C’est en établissant les vérités morales sur le fondement solide de la raison pratique que Kant leur a donné, à la fin du siècle dernier, leur base véritable et leurs assises définitives. Le sentiment du bien et du mal est un fait primordial de la nature humaine ; il s’impose à nous en dehors de tout raisonnement, de toute croyance dogmatique, de toute idée de peine ou de récompense. La notion du devoir, c’est-à-dire la règle de la vie pratique, est par là reconnue comme un fait primitif, en dehors et au-dessus de toute discussion. Elle ne peut plus désormais être compromise par l’écroulement des hypothèses métaphysiques auxquelles on l’a si longtemps rattachée. Il en est de même de la liberté, sans laquelle le devoir ne serait qu’un mot vide de sens. La discussion abstraite si longtemps agitée entre le fatalisme et la liberté n’a plus de raison d’être. L’homme sent qu’il est libre : c’est un fait qu’aucun raisonnement ne saurait ébranler. Voilà quelques-unes des conquêtes capitales de la science moderne.

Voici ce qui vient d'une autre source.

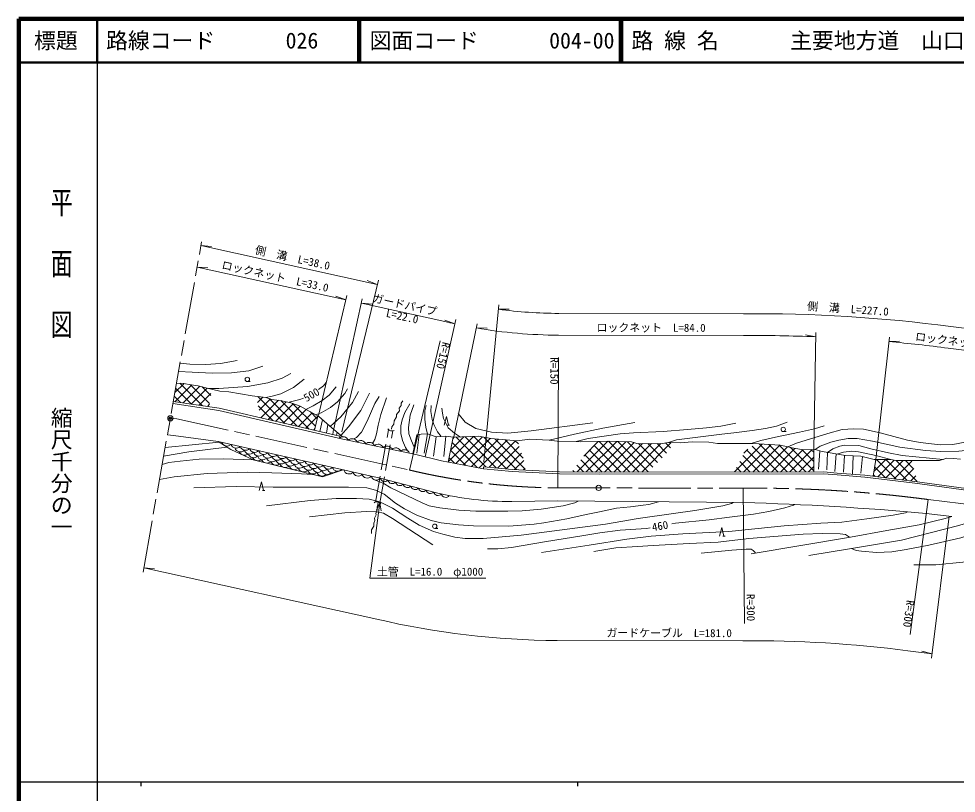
# Model space of a CAD drawing. Units: millimetres, scale not verified. Extents: x 40000 to 680000, y 20000 to 380000.
# Drawn here: x 40000 to 254788, y 202409 to 380000 of the extents above; entities that cross this region are included whole.
import ezdxf
from ezdxf.enums import TextEntityAlignment as Align

# ---------------------------------------------------------------- set-up
doc = ezdxf.new("R2010")
doc.units = ezdxf.units.MM
doc.header["$LTSCALE"] = 1000
doc.header["$PDMODE"] = 32
doc.header["$PDSIZE"] = 500
doc.linetypes.add('CHAIN', pattern=[18.5, 12, -1.5, 3.5, -1.5])
doc.linetypes.add('DASHED', pattern=[7.5, 6, -1.5])
for name, color, linetype, lineweight in [('M-BGD', 7, 'Continuous', 13), ('M-BMK', 2, 'CHAIN', 13), ('M-BMK-SRVR', 3, 'Continuous', 13), ('M-STR-HTXT', 7, 'Continuous', 13), ('M-TTL', 2, 'Continuous', 140), ('M-TTL-BAND', 7, 'Continuous', 25), ('M-TTL-LINE', 7, 'Continuous', 50)]:
    doc.layers.add(name, color=color, linetype=linetype, lineweight=lineweight)
doc.layers.add('M-OTRS', color=6, linetype='Continuous')
doc.layers.add('M-TTL-TXT', color=7, linetype='Continuous')
doc.styles.add('@ＭＳ ゴシック', font='')
doc.styles.add('ＭＳ ゴシック', font='')
doc.styles.get('@ＭＳ ゴシック').set_extended_font_data('@MS Gothic')
doc.styles.get('ＭＳ ゴシック').set_extended_font_data('MS Gothic')

msp = doc.modelspace()

# ---------------------------------------------------------------- linework, layer by layer
at = {"layer": 'M-BGD'}
for p, q in [((82088, 291265), (76942, 296411)), ((92372, 296802), (93039, 296802)), ((75769, 294265), (77877, 296373)), ((75830, 292205), (79673, 296048)), ((79591, 291640), (75949, 295282)), ((77674, 291928), (81489, 295742)), ((83726, 291748), (79380, 296093)), ((79519, 291651), (83145, 295277)), ((83973, 293622), (81995, 295600)), ((77095, 292015), (75630, 293480)), ((81363, 291374), (84028, 294039)), ((94690, 291973), (95957, 293240)), ((100996, 287206), (94807, 293394)), ((95102, 290264), (97673, 292834)), ((95515, 288555), (99474, 292514)), ((97171, 288090), (101271, 292189)), ((103755, 286568), (97408, 292914)), ((106514, 285930), (100010, 292434)), ((83207, 291097), (83706, 291595)), ((98237, 287843), (94875, 291205)), ((98894, 287691), (102945, 291742)), ((100617, 287293), (104489, 291165)), ((102340, 286895), (105851, 290406)), ((108005, 286561), (102751, 291814)), ((104063, 286497), (107214, 289648)), ((105786, 286098), (108533, 288845)), ((108403, 288284), (106820, 289867)), ((108547, 288906), (107791, 285635)), ((109599, 288045), (108979, 285360)), ((107509, 285700), (107895, 286086)), ((110815, 286976), (110513, 285006)), ((112115, 285869), (111929, 284679)), ((138221, 286802), (138721, 286802)), ((112953, 285165), (112794, 284479)), ((113649, 284579), (113599, 284293)), ((131718, 284678), (131171, 280403)), ((133640, 284789), (132913, 280381)), ((135666, 284100), (135046, 279685)), ((137872, 284263), (137381, 279663)), ((138420, 278328), (139519, 284021)), ((138444, 278451), (144197, 284204)), ((138951, 281080), (141989, 284118)), ((139458, 283708), (139781, 284031)), ((140125, 278010), (146207, 284093)), ((147035, 277229), (140216, 284048)), ((141913, 277677), (147982, 283746)), ((149375, 277011), (142257, 284128)), ((143701, 277344), (149919, 283563)), ((151714, 276792), (144299, 284208)), ((154008, 276620), (146615, 284013)), ((156009, 276741), (149117, 283632)), ((215141, 285333), (215808, 285333)), ((73550, 281727), (85889, 282940)), ((145050, 277093), (139293, 282850)), ((145489, 277011), (151871, 283393)), ((147761, 277162), (153823, 283224)), ((149701, 276980), (154674, 281953)), ((155599, 279271), (151440, 283431)), ((154482, 282510), (153763, 283229)), ((167905, 276093), (174930, 283117)), ((169429, 279738), (172781, 283089)), ((170010, 276076), (177014, 283080)), ((177910, 276053), (171762, 282200)), ((172114, 276059), (179077, 283022)), ((180030, 276054), (172992, 283092)), ((174228, 276051), (180982, 282805)), ((182150, 276055), (175086, 283119)), ((176350, 276052), (182904, 282606)), ((184236, 276090), (177254, 283073)), ((178472, 276053), (185004, 282584)), ((185284, 277164), (179436, 283012)), ((180595, 276054), (187111, 282570)), ((186332, 278237), (181953, 282616)), ((182717, 276055), (189487, 282825)), ((187380, 279310), (184097, 282594)), ((188428, 280384), (186240, 282572)), ((189314, 281620), (188193, 282740)), ((204003, 276128), (210344, 282469)), ((206063, 276067), (212360, 282364)), ((213954, 276071), (207996, 282029)), ((208186, 276068), (214377, 282259)), ((216075, 276072), (209641, 282505)), ((210308, 276069), (216105, 281866)), ((218195, 276073), (211879, 282389)), ((212430, 276070), (217842, 281482)), ((220315, 276074), (214116, 282273)), ((222169, 276341), (216807, 281703)), ((139836, 278064), (138607, 279294)), ((142443, 277579), (138950, 281072)), ((151641, 276799), (155218, 280376)), ((173669, 276051), (169675, 280045)), ((175790, 276052), (170718, 281123)), ((209714, 276069), (205893, 279890)), ((206144, 280390), (207067, 281313)), ((211834, 276070), (206798, 281106)), ((214553, 276071), (219669, 281187)), ((216675, 276072), (221797, 281194)), ((218797, 276073), (222167, 279443)), ((222168, 278464), (219401, 281230)), ((222167, 280586), (221562, 281190)), ((222167, 281198), (222169, 276075)), ((223261, 276683), (223555, 280880)), ((225116, 276562), (225281, 280578)), ((226993, 276183), (227284, 280223)), ((228927, 276067), (229192, 279876)), ((230992, 275563), (231153, 279780)), ((232952, 275778), (233282, 279626)), ((153604, 276640), (155696, 278733)), ((169397, 276081), (167833, 277644)), ((171535, 276063), (168751, 278848)), ((207594, 276068), (205183, 278478)), ((220920, 276074), (222169, 277323)), ((235791, 275097), (236329, 278934)), ((235954, 276259), (238637, 278942)), ((238607, 274752), (236095, 277264)), ((236300, 278727), (236508, 278935)), ((241025, 274456), (236546, 278935)), ((236791, 274974), (240578, 278761)), ((243442, 274161), (238660, 278942)), ((238681, 274743), (242613, 278675)), ((240571, 274512), (244623, 278564)), ((245831, 273893), (241049, 278674)), ((245091, 276754), (243169, 278676)), ((155624, 276539), (155984, 276899)), ((167258, 276098), (166916, 276440)), ((205473, 276066), (204474, 277066)), ((236190, 275048), (235834, 275404)), ((242461, 274281), (245059, 276878)), ((244351, 274049), (245495, 275193)), ((95852, 271824), (96352, 271824)), ((247924, 266579), (253811, 265875)), ((135315, 263147), (135982, 263147)), ((201311, 261337), (201811, 261337))]:
    msp.add_line(p, q, dxfattribs=at)
at = {"layer": 'M-BGD', "linetype": 'DASHED'}
for p, q in [((121738, 269186), (124730, 285767)), ((122726, 269033), (125697, 285498))]:
    msp.add_line(p, q, dxfattribs=at)
at = {"layer": 'M-BGD'}
for points in [[(146452, 276832), (146494, 277282), (146515, 277278), (153043, 276668), (163911, 276125), (173113, 276050), (224422, 276076), (227518, 275841), (233862, 275333), (245327, 273930), (276687, 269641), (284035, 268630), (290501, 268003), (294552, 267826), (299509, 268016), (301933, 268662), (304956, 269773), (306684, 270644), (309361, 272435), (311543, 274652), (314543, 278859), (342427, 320804)], [(76965, 301023), (79168, 300826), (82862, 300727), (86224, 300985), (90038, 301664)], [(76627, 299111), (79756, 298951), (84288, 298768), (88737, 298793), (92720, 299286), (95936, 300359)], [(83518, 295185), (85811, 295216), (92395, 295702), (97056, 296492), (100358, 297584), (102347, 298627)], [(76151, 296422), (77737, 296399), (79498, 296072), (81074, 295859), (83181, 295267), (86064, 294568), (88141, 294467), (93503, 293569), (96637, 293149), (98017, 292729), (100297, 292392), (102341, 291967), (104470, 291175), (108748, 288794), (111208, 286631), (114174, 284138)], [(96637, 293149), (98060, 293425), (100024, 293969), (101419, 294677), (102928, 295427), (105392, 297335)], [(108638, 294977), (109800, 295849), (110438, 296602)], [(105802, 290434), (107471, 291249), (109509, 292436), (111123, 293717), (112729, 295602)], [(107996, 289212), (109254, 289605), (111457, 290873), (113009, 292145), (114688, 294056), (115333, 295133)], [(111350, 286511), (112197, 287260), (113756, 288694), (116496, 292005), (117845, 294511)], [(113486, 283805), (113599, 284293), (85931, 290688), (75415, 292267)], [(101927, 292053), (104375, 292661), (105250, 293029)], [(113811, 284443), (115561, 286419), (118402, 290153), (120381, 294168)], [(116754, 283643), (117409, 283966), (118511, 285205), (119848, 287725), (121562, 291753), (122548, 293401)], [(121079, 282632), (121563, 283515), (121990, 284807), (122317, 286782), (122921, 289262), (124237, 293039)], [(125411, 285909), (125461, 286460), (125943, 287032), (126033, 287823), (126554, 288688), (126554, 289259), (127236, 290101), (127186, 290705), (127607, 291296), (127607, 291877), (127998, 292398)], [(75328, 291774), (85837, 290196), (114275, 283623), (130994, 280099), (136892, 278612), (146452, 276832), (153011, 276219), (163898, 275675), (173111, 275600), (224405, 275626), (227483, 275392), (233817, 274885), (245269, 273484), (276626, 269195)], [(129075, 280950), (128583, 281713), (127957, 283304), (127543, 284877), (127574, 286687), (127822, 288028), (128483, 289723), (129587, 291703)], [(130509, 291479), (129701, 289081), (129285, 286244), (129406, 284785), (129950, 283221), (130629, 281783)], [(133380, 291348), (133031, 290075), (133006, 288217), (133245, 286258), (133640, 284789)], [(134475, 291318), (134397, 289935), (134736, 288126), (135065, 286981), (135959, 285298), (136769, 284182)], [(136939, 290730), (137060, 289572), (137325, 288307), (138407, 286176), (139807, 284948), (141182, 284086)], [(137471, 286802), (137971, 288802), (138471, 286802)], [(140650, 289495), (142264, 287508), (144741, 286058), (148278, 285179), (152078, 284983), (157432, 285507), (171497, 287332)], [(161485, 283396), (167362, 284784), (173845, 286154), (181182, 287441)], [(167738, 283088), (170473, 283722), (177814, 284854), (180843, 285069), (187607, 285389), (193226, 285804), (197543, 286230), (200824, 286610), (204262, 287278)], [(188896, 282850), (190660, 283449), (193728, 283795), (201051, 284753), (203797, 285047), (208027, 285577), (211107, 286063), (213578, 286552), (216013, 287511)], [(207802, 282625), (209995, 283310), (213341, 284046), (218869, 285242), (222282, 285983), (224538, 286648)], [(216170, 281851), (218206, 282681), (225390, 284904), (228682, 285796), (231210, 285958), (233523, 285921), (237388, 285023), (243654, 283402), (246536, 282834), (251117, 282334), (254013, 282392), (256826, 282890), (259264, 283454)], [(74060, 284611), (75447, 284456), (85661, 283088)], [(130311, 280243), (131206, 284579), (132230, 284776), (133640, 284789), (135666, 284100), (137872, 284263), (139519, 284021), (145394, 284251), (148122, 283719), (154248, 283187), (157001, 283592), (161485, 283396), (163351, 283129), (167738, 283088), (168656, 282958), (172621, 283087), (175429, 283124), (180393, 282985), (181586, 282620), (187065, 282563), (188896, 282850), (191600, 282737), (194313, 283025), (198099, 282899), (200072, 282606), (207802, 282625), (209586, 282508), (214409, 282258), (217589, 281523), (219792, 281167), (222458, 281202), (224033, 280739), (225474, 280553), (229410, 279836), (232895, 279725), (235989, 278933), (239796, 278947), (240946, 278674), (250920, 278682), (252663, 279216), (254120, 279181), (255765, 279044)], [(222458, 281202), (223599, 281983), (226027, 282931), (227871, 283342), (230049, 283765), (232094, 283748), (235636, 283158), (241851, 281747), (247749, 281032), (251241, 280788), (255351, 280829), (258327, 281135), (261234, 281946), (264093, 283124)], [(73192, 279706), (78961, 280728), (87657, 281796)], [(85661, 283088), (122828, 274650), (135679, 271325)], [(85661, 283088), (88577, 281201), (93701, 278861), (109575, 274978), (114329, 276579)], [(225281, 280578), (226517, 281410), (228110, 282007), (229201, 282252), (232501, 282128), (235250, 281346), (239289, 280444), (242384, 279822), (251792, 278949)], [(227459, 280191), (228961, 280631), (230895, 280871), (232379, 280684), (236369, 279866), (239796, 278947)], [(72857, 277813), (74368, 278221), (77014, 278570), (81358, 278980), (86868, 279068), (93701, 278861)], [(72242, 274340), (75612, 274948), (83157, 275690), (92321, 275996), (97972, 275880), (104810, 275639), (107332, 275526)], [(95102, 271824), (95602, 273824), (96102, 271824)], [(121511, 274262), (123528, 273506), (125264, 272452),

Ainsi la science positive a conquis peu à peu dans l’humanité une autorité fondée, non sur le raisonnement abstrait, mais sur la conformité nécessaire de ses résultats avec la nature même des choses. L’enfant se plaît dans le rêve, et il en est de même des peuples qui commencent ; mais rien ne sert de rêver, si ce n’est à se faire illusion à soi-même. Aussi tout homme préparé par une éducation suffisante accepte-t-il d’abord les résultats de la science positive comme la seule mesure de la certitude. Ces résultats sont aujourd’hui devenus si nombreux, que, dans l’ordre des connaissances positives, l’homme le plus ordinaire, pourvu d’une instruction moyenne, a une science infiniment plus étendue et plus profonde que les plus grands hommes de l’antiquité et du moyen âge.
Les anciennes opinions, nées trop souvent de l’ignorance et de la fantaisie, disparaissent peu à peu pour faire place à des convictions nouvelles, fondées sur l’observation de la nature, j’entends de la nature morale aussi bien que de la nature physique. Les premières opinions avaient sans cesse varié, parce qu’elles étaient arbitraires ; les nouvelles subsisteront, parce que la réalité en devient de plus en plus manifeste, à mesure qu’elles trouvent leur application dans la société humaine, depuis l’ordre matériel et industriel jusqu’à l’ordre moral et intellectuel le plus élevé. La puissance qu’elles donnent à l’homme sur le monde et sur l’homme lui-même est leur plus solide garantie. Quiconque a goûté de ce fruit ne saurait plus s’en détacher. Tous les esprits réfléchis sont ainsi gagnés sans retour, à mesure que s’efface la trace des vieux préjugés, et il se constitue dans les régions les plus hautes de l’humanité tout un ensemble de convictions qui ne seront plus jamais renversées.